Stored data
====

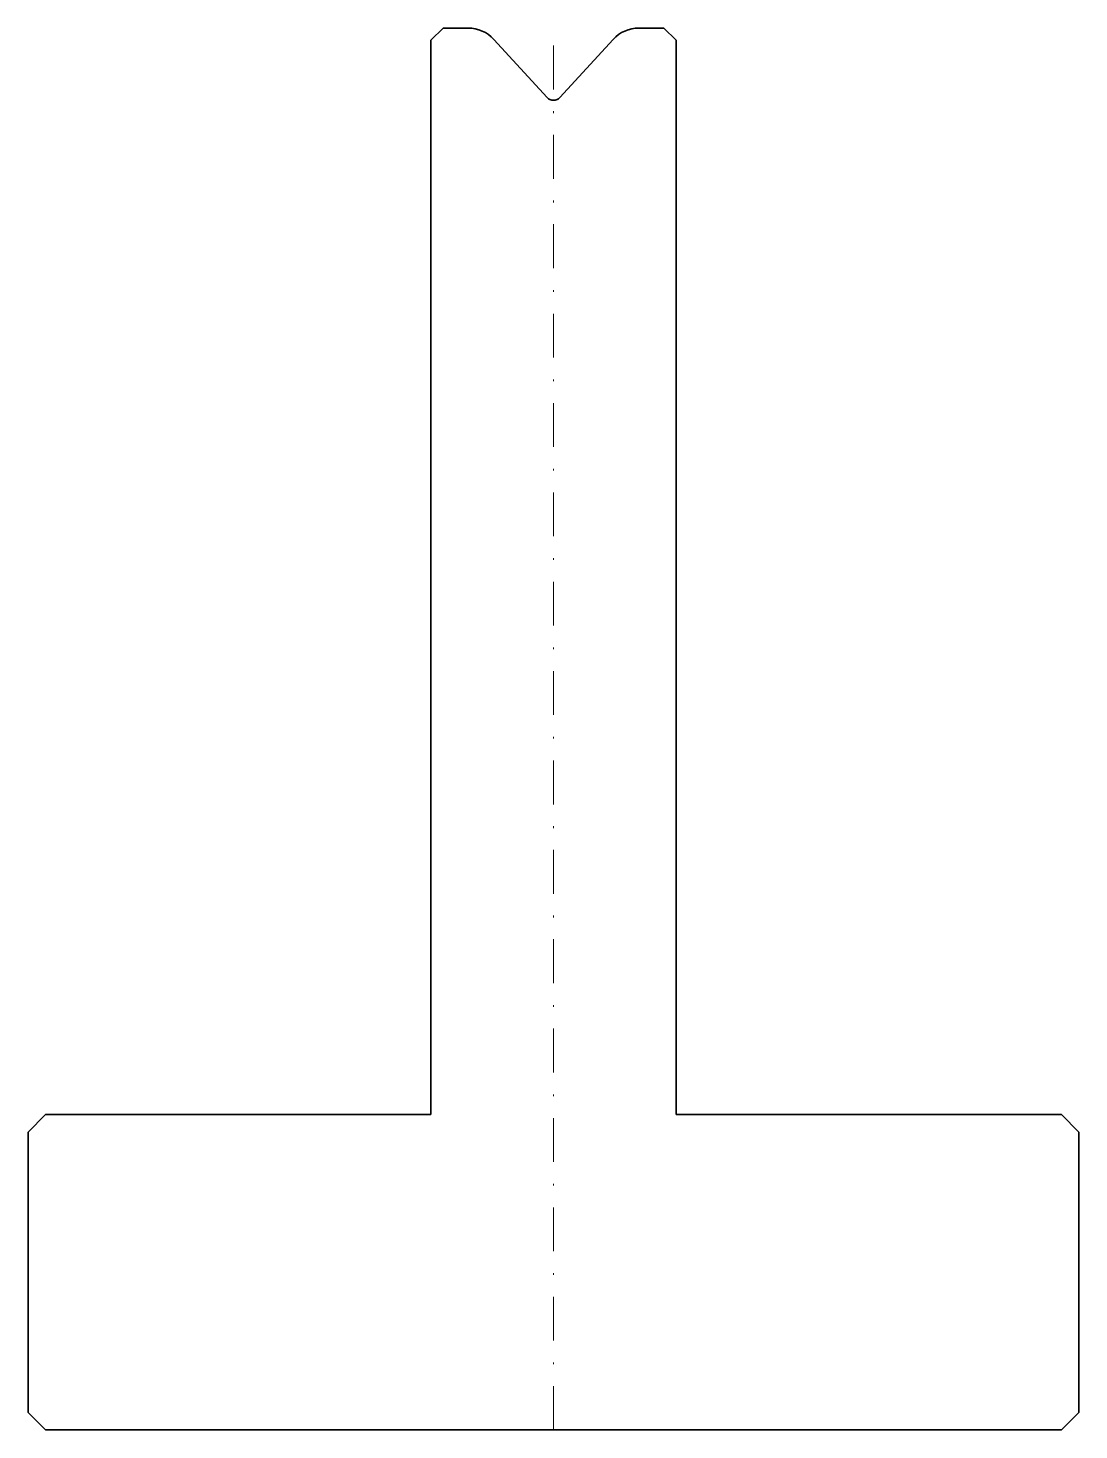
# Model space of a CAD drawing. Header units: millimetres. Extents: x -30 to 30, y -80 to 0.
import ezdxf

# ---------------------------------------------------------------- set-up
doc = ezdxf.new("R2010")
doc.units = ezdxf.units.MM
doc.header["$LTSCALE"] = 5
doc.linetypes.add('AUSGEZOGEN', pattern=[0])
doc.linetypes.add('DASHDOT', pattern=[1, 0.5, -0.25, 0, -0.25])
doc.layers.add('2', color=7, linetype='Continuous')

msp = doc.modelspace()

# ---------------------------------------------------------------- linework, layer by layer
at = {"layer": '2', "color": 7, "linetype": 'DASHDOT', "lineweight": 18}
msp.add_line((0, -80), (0, 0), dxfattribs=at)
at = {"layer": '2', "color": 7, "linetype": 'AUSGEZOGEN', "lineweight": 35}
for p, q in [((6.3, 0), (4.88, 0)), ((7, -0.7), (6.3, 0)), ((-6.3, 0), (-7, -0.7)), ((-7, -0.7), (-7, -62)), ((-4.88, 0), (-6.3, 0)), ((-0.369, -3.963), (-3.405, -0.649)), ((3.405, -0.649), (0.369, -3.963)), ((7, -62), (7, -0.7)), ((-29, -62), (-30, -63)), ((-7, -62), (-29, -62)), ((29, -62), (7, -62)), ((30, -63), (29, -62)), ((-30, -63), (-30, -79)), ((30, -79), (30, -63)), ((-30, -79), (-29, -80)), ((29, -80), (30, -79)), ((-29, -80), (29, -80))]:
    msp.add_line(p, q, dxfattribs=at)
for centre, radius, start, end in [((-4.88, -2), 2, 42.5, 90), ((4.88, -2), 2, 90, 137.5), ((0, -3.625), 0.5, 222.5, 317.5)]:
    msp.add_arc(centre, radius, start, end, dxfattribs=at)

doc.saveas('drawing.dxf')

====

*YOUR INSTRUCTIONS*.
Filter the entries and copy out every line with the word "radius".

*SOLUTION BELOW*.
for centre, radius, start, end in [((-4.88, -2), 2, 42.5, 90), ((4.88, -2), 2, 90, 137.5), ((0, -3.625), 0.5, 222.5, 317.5)]:
    msp.add_arc(centre, radius, start, end, dxfattribs=at)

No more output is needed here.